• Exercise requirements
Repeat, line for line, the entries below from the first line to the line containing "line L4 (1.8, -10.3) -> (1.8, 10.3)", counting both ends.

(Stored data entries)

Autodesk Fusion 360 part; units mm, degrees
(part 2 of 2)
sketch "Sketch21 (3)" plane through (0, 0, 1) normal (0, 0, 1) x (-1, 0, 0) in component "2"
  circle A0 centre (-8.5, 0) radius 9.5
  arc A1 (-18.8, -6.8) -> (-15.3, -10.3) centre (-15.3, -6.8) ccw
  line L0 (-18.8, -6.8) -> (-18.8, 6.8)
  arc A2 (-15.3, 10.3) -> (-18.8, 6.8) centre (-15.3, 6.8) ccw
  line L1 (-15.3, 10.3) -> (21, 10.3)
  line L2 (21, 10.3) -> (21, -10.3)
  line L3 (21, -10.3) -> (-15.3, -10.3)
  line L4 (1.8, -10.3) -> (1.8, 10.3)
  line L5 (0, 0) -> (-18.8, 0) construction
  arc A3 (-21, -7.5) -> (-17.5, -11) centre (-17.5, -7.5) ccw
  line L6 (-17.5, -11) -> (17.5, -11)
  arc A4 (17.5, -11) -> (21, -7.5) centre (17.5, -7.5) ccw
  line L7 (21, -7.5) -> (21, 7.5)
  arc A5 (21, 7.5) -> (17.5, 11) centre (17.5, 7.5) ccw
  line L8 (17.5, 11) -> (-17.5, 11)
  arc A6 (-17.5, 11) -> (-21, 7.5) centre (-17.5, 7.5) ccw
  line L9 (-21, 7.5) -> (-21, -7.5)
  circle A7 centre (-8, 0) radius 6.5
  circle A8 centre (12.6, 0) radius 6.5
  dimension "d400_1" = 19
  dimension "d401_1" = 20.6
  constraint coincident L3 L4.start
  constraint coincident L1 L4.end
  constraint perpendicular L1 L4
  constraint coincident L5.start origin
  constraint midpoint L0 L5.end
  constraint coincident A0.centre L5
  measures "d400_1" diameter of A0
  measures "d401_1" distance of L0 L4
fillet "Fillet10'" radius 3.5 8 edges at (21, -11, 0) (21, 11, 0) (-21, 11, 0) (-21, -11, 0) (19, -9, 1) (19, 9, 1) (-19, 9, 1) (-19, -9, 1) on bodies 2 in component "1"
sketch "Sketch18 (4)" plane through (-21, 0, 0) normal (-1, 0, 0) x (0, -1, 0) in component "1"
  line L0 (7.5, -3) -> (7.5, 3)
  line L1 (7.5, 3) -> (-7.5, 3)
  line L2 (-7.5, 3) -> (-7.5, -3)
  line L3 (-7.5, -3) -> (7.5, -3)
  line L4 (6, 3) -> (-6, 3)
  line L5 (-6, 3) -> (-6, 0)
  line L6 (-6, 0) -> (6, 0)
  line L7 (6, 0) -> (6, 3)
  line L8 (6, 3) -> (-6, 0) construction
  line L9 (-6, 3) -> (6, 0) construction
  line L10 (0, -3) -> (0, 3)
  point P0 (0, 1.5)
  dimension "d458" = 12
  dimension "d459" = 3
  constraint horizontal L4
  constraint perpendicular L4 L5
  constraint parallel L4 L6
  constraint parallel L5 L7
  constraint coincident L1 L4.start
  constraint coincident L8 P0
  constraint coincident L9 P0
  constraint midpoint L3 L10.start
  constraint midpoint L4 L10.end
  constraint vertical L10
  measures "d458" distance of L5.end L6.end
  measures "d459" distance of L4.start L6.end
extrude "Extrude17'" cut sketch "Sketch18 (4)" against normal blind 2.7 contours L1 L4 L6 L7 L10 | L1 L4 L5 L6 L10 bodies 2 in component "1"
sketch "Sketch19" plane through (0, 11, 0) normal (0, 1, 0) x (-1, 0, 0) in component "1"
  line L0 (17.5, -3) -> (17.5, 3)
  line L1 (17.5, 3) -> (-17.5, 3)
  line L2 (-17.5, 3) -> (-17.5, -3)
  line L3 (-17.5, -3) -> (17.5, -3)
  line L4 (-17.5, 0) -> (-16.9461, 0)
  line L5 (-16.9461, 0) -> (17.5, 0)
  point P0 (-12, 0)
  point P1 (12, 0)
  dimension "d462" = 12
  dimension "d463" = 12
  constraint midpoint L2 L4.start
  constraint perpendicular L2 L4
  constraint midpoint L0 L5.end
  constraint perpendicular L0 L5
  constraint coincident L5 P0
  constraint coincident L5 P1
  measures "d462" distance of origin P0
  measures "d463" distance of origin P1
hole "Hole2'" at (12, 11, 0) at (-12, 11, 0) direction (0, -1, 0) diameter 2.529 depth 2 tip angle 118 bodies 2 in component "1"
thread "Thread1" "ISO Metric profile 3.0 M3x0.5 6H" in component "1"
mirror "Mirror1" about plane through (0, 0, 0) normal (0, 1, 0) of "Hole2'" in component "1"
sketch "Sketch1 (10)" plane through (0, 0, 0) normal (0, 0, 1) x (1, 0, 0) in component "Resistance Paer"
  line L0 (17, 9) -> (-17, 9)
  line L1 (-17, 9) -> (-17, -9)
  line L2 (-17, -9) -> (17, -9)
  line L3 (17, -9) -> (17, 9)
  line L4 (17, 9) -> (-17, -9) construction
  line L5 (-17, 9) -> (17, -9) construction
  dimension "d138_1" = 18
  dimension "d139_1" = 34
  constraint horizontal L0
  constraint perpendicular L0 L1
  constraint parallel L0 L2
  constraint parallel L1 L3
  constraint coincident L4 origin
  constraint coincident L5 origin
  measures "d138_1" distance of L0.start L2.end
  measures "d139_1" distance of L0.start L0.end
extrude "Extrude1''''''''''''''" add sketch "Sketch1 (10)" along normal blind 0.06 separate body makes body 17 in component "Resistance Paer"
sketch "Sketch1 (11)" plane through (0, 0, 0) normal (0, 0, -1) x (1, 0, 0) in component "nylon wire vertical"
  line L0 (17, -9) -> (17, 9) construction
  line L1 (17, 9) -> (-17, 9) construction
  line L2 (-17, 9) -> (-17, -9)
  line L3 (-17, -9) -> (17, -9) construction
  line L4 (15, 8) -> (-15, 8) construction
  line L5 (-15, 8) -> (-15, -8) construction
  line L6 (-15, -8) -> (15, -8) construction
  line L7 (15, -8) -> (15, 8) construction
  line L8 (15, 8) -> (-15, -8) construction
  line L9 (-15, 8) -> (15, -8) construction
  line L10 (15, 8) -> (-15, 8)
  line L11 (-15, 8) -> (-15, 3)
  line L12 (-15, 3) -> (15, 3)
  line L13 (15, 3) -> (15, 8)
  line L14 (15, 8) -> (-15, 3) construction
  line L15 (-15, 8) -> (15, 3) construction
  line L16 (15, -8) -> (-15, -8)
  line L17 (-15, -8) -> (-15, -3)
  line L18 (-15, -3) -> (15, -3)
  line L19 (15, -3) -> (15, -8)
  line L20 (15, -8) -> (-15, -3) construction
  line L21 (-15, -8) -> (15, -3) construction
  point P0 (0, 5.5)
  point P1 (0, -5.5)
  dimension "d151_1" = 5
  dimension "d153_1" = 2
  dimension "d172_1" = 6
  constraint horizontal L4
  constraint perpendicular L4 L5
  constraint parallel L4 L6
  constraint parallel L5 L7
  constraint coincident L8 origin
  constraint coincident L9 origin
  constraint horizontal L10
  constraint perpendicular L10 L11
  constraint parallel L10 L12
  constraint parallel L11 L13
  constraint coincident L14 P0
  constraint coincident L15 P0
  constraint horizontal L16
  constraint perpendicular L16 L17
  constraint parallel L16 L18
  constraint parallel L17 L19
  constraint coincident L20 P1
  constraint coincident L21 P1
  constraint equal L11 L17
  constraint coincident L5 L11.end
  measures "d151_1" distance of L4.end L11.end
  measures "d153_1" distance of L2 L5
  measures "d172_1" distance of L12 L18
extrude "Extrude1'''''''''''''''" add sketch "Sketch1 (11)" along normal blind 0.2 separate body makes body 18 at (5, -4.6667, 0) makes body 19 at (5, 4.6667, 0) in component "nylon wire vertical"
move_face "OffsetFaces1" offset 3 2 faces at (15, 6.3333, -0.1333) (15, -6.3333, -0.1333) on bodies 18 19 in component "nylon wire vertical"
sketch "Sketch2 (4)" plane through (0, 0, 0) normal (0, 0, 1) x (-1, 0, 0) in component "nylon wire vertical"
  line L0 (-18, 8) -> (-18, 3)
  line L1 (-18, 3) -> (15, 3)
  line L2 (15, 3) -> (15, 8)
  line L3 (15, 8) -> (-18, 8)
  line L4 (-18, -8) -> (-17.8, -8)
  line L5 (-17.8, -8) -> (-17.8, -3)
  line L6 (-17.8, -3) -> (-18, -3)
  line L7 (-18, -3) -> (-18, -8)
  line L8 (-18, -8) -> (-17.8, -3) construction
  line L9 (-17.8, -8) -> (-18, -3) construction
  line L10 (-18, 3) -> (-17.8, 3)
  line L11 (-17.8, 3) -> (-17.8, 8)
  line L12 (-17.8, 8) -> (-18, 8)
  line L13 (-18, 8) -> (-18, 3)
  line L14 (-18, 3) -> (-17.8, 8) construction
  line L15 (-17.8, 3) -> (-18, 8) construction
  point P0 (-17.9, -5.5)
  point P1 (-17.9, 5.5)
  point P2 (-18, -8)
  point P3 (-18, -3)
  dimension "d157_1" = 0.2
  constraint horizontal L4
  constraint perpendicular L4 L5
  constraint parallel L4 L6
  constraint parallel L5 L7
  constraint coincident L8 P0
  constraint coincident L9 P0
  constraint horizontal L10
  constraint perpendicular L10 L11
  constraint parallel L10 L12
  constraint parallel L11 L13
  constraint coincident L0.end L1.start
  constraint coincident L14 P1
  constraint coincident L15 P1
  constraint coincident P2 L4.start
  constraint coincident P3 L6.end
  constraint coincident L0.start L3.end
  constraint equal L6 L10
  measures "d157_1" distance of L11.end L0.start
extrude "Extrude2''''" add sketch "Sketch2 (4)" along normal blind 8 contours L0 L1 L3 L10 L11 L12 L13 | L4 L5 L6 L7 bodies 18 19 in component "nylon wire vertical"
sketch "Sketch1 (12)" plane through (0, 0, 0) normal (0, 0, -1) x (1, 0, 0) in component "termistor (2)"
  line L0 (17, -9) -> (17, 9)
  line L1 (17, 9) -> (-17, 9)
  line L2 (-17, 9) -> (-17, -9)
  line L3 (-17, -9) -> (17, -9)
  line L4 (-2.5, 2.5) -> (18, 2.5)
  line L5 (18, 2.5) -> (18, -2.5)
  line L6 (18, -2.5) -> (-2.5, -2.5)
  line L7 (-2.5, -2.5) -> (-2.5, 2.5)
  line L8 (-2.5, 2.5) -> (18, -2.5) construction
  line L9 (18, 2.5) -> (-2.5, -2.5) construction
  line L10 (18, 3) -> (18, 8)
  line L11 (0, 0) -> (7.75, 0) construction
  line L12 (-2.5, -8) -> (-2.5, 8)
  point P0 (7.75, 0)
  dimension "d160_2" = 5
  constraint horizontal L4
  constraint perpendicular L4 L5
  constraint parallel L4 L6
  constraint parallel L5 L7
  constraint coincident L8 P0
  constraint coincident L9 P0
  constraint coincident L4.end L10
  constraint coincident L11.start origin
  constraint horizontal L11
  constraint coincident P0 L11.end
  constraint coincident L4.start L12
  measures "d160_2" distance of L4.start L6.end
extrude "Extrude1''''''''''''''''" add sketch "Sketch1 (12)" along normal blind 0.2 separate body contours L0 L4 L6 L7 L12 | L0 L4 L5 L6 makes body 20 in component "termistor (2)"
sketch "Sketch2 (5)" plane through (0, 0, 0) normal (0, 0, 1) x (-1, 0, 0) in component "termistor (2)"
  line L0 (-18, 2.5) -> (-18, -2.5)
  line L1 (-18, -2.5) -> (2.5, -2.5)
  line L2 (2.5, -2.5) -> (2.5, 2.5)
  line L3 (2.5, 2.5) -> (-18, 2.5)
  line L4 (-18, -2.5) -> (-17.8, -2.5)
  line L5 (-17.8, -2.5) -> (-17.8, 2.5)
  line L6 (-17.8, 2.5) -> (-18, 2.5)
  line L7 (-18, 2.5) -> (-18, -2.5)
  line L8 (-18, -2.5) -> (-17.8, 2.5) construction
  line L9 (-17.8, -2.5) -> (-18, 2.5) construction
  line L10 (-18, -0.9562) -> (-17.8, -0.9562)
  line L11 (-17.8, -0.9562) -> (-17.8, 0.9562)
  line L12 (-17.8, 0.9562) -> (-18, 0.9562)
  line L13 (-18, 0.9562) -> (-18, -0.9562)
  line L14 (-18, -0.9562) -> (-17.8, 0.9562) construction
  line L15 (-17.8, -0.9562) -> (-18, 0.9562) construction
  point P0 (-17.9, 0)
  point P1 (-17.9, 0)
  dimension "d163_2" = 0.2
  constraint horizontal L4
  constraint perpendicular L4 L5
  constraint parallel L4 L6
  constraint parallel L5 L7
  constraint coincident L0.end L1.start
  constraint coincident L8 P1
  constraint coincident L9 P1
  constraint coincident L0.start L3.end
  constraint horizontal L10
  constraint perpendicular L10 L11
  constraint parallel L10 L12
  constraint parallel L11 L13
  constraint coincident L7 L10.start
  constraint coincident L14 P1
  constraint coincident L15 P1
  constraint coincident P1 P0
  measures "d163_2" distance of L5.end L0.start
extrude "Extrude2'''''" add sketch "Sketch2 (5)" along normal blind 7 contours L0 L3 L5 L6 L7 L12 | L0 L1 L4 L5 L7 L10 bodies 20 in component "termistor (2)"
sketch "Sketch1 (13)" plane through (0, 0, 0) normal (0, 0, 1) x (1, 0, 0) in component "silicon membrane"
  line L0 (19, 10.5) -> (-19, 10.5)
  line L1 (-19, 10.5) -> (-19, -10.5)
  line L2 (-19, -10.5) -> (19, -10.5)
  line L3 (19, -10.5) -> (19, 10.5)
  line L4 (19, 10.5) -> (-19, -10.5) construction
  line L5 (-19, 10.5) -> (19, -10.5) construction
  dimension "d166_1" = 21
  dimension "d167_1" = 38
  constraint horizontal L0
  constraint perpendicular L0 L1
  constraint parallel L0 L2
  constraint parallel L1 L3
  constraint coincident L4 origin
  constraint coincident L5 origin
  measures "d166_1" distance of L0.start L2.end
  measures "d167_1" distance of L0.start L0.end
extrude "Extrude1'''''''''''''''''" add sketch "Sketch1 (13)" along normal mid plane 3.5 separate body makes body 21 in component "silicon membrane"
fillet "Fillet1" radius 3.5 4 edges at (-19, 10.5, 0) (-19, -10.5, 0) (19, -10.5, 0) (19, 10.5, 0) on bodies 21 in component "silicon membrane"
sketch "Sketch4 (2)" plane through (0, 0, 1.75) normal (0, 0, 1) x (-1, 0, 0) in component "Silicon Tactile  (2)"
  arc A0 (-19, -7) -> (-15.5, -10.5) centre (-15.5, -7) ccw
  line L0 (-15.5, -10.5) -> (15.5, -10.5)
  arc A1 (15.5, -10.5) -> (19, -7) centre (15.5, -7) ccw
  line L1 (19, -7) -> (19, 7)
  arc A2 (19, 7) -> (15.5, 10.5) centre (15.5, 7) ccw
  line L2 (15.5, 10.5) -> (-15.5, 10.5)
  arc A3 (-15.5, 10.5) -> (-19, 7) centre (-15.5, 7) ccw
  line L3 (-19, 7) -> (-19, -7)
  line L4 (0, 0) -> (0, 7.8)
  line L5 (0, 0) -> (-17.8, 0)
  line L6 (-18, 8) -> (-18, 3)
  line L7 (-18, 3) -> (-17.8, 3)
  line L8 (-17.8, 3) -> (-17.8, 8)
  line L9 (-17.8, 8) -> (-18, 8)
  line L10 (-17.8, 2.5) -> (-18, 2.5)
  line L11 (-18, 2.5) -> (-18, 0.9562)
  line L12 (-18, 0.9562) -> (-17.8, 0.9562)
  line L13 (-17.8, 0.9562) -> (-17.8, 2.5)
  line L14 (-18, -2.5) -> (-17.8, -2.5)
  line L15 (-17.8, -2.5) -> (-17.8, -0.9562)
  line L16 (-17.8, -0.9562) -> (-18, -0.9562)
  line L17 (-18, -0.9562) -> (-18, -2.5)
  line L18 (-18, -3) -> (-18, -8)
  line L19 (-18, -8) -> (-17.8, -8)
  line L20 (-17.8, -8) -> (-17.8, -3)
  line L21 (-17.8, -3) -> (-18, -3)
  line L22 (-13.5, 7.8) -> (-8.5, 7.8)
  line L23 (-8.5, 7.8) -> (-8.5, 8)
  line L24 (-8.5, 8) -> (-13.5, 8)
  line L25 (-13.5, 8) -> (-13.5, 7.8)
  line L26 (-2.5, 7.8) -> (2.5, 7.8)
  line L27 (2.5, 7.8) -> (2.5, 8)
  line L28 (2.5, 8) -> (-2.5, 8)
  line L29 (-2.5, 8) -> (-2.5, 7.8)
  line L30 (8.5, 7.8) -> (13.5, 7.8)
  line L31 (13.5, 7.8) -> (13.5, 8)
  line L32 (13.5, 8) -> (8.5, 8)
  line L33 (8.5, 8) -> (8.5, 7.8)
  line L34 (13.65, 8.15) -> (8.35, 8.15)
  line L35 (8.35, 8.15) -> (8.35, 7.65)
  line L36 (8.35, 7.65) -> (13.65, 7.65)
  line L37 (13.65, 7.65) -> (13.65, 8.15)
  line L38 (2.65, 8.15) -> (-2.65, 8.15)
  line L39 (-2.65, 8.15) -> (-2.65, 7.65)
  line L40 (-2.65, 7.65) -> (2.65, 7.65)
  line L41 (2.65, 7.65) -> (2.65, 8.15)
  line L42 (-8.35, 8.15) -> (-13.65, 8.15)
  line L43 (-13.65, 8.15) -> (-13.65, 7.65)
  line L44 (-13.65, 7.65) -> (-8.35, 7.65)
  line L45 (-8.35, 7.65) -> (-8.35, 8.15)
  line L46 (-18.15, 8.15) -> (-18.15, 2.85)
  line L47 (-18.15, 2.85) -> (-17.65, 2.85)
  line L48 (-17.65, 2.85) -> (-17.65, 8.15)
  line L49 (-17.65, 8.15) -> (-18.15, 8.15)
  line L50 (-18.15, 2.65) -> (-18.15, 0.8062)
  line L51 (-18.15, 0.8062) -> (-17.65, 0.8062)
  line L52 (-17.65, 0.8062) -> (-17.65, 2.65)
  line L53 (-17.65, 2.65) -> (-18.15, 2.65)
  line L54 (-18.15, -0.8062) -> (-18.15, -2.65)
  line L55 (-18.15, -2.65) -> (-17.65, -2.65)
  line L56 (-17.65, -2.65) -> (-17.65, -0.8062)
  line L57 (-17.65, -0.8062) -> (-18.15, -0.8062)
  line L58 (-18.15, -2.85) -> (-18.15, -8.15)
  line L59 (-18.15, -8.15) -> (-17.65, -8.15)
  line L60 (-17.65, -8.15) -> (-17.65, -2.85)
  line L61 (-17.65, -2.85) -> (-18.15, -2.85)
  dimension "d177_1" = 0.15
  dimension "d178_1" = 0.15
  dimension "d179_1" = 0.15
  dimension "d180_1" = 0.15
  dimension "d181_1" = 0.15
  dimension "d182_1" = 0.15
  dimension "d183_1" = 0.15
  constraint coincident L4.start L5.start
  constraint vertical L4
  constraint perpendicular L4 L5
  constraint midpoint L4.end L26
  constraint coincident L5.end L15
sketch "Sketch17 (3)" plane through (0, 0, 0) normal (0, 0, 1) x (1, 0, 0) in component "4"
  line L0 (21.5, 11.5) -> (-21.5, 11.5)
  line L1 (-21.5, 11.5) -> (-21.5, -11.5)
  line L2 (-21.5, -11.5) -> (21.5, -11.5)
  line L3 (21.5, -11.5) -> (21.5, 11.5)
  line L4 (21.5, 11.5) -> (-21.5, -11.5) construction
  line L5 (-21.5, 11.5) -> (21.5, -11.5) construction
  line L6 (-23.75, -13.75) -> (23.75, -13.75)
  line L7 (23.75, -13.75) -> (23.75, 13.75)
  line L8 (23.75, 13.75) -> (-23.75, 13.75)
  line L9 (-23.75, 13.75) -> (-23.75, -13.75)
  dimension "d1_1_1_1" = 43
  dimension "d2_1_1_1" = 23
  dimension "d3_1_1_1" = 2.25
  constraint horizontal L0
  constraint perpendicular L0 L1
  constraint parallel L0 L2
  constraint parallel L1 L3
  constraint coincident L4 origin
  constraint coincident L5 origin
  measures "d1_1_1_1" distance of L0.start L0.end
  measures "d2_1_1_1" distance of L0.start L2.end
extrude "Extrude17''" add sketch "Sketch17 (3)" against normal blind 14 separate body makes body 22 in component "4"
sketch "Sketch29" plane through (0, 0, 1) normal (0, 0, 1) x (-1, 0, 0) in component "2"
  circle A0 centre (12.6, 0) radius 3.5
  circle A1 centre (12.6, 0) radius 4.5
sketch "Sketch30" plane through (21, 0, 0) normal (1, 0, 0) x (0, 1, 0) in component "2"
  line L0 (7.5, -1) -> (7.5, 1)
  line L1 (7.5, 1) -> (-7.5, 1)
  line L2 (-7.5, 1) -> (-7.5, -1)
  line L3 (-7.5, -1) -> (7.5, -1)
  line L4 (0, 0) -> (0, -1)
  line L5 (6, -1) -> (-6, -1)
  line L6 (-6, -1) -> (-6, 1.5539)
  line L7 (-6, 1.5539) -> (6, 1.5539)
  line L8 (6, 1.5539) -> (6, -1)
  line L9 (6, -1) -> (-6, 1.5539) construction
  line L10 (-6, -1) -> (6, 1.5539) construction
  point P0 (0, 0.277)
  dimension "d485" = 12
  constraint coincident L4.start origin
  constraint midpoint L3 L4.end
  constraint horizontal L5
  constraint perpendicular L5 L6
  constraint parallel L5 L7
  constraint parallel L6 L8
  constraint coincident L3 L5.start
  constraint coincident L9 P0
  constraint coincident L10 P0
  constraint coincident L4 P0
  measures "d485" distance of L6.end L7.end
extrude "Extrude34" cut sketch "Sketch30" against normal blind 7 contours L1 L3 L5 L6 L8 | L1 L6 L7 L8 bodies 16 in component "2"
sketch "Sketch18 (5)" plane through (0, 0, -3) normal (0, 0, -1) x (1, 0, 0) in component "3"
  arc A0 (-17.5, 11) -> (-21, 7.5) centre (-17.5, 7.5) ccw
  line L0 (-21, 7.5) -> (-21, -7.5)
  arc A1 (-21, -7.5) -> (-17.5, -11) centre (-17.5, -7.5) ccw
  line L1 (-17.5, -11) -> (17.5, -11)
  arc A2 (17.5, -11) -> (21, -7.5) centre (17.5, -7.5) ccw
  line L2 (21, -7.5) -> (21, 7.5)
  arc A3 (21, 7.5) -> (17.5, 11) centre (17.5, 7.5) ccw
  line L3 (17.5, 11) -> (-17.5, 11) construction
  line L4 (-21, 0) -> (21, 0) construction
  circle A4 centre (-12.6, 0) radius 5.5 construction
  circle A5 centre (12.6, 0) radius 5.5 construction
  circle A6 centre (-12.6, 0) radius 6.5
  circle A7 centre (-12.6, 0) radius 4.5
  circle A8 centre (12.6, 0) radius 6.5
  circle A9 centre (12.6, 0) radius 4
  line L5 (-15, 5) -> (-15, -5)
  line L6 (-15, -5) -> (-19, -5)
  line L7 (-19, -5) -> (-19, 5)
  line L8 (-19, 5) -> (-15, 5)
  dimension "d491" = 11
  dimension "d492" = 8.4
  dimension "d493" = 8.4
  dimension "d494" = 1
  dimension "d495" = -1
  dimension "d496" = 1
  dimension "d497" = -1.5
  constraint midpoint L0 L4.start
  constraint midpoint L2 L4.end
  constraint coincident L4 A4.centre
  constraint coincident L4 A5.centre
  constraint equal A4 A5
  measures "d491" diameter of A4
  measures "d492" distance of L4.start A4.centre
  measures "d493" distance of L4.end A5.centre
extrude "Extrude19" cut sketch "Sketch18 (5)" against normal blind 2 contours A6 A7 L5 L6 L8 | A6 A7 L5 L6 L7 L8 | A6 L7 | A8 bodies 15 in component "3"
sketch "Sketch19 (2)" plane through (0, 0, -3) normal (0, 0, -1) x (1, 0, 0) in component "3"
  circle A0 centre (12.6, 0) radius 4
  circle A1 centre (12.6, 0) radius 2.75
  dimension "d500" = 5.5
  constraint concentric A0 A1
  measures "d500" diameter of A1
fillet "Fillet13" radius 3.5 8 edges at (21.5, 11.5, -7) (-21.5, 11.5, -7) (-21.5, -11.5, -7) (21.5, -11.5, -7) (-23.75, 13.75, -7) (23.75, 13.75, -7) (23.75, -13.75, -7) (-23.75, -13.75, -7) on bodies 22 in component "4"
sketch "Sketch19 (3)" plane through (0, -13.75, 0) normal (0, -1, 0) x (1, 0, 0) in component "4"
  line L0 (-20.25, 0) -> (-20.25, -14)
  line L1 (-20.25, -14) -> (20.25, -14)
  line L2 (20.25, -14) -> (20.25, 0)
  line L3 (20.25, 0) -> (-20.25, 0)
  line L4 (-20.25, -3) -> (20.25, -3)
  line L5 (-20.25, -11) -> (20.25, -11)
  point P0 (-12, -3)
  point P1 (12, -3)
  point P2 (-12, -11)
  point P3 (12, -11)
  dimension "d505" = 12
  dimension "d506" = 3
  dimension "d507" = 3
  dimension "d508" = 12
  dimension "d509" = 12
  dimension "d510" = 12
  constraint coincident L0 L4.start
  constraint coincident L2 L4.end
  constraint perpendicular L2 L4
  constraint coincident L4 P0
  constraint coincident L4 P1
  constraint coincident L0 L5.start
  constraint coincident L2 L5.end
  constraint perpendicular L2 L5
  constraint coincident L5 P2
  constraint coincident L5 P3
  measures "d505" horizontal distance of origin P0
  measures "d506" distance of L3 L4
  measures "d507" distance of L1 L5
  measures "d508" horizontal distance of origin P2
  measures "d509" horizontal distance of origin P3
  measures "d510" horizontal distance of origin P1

• Your response
Autodesk Fusion 360 part; units mm, degrees
(part 2 of 2)
sketch "Sketch21 (3)" plane through (0, 0, 1) normal (0, 0, 1) x (-1, 0, 0) in component "2"
  circle A0 centre (-8.5, 0) radius 9.5
  arc A1 (-18.8, -6.8) -> (-15.3, -10.3) centre (-15.3, -6.8) ccw
  line L0 (-18.8, -6.8) -> (-18.8, 6.8)
  arc A2 (-15.3, 10.3) -> (-18.8, 6.8) centre (-15.3, 6.8) ccw
  line L1 (-15.3, 10.3) -> (21, 10.3)
  line L2 (21, 10.3) -> (21, -10.3)
  line L3 (21, -10.3) -> (-15.3, -10.3)
  line L4 (1.8, -10.3) -> (1.8, 10.3)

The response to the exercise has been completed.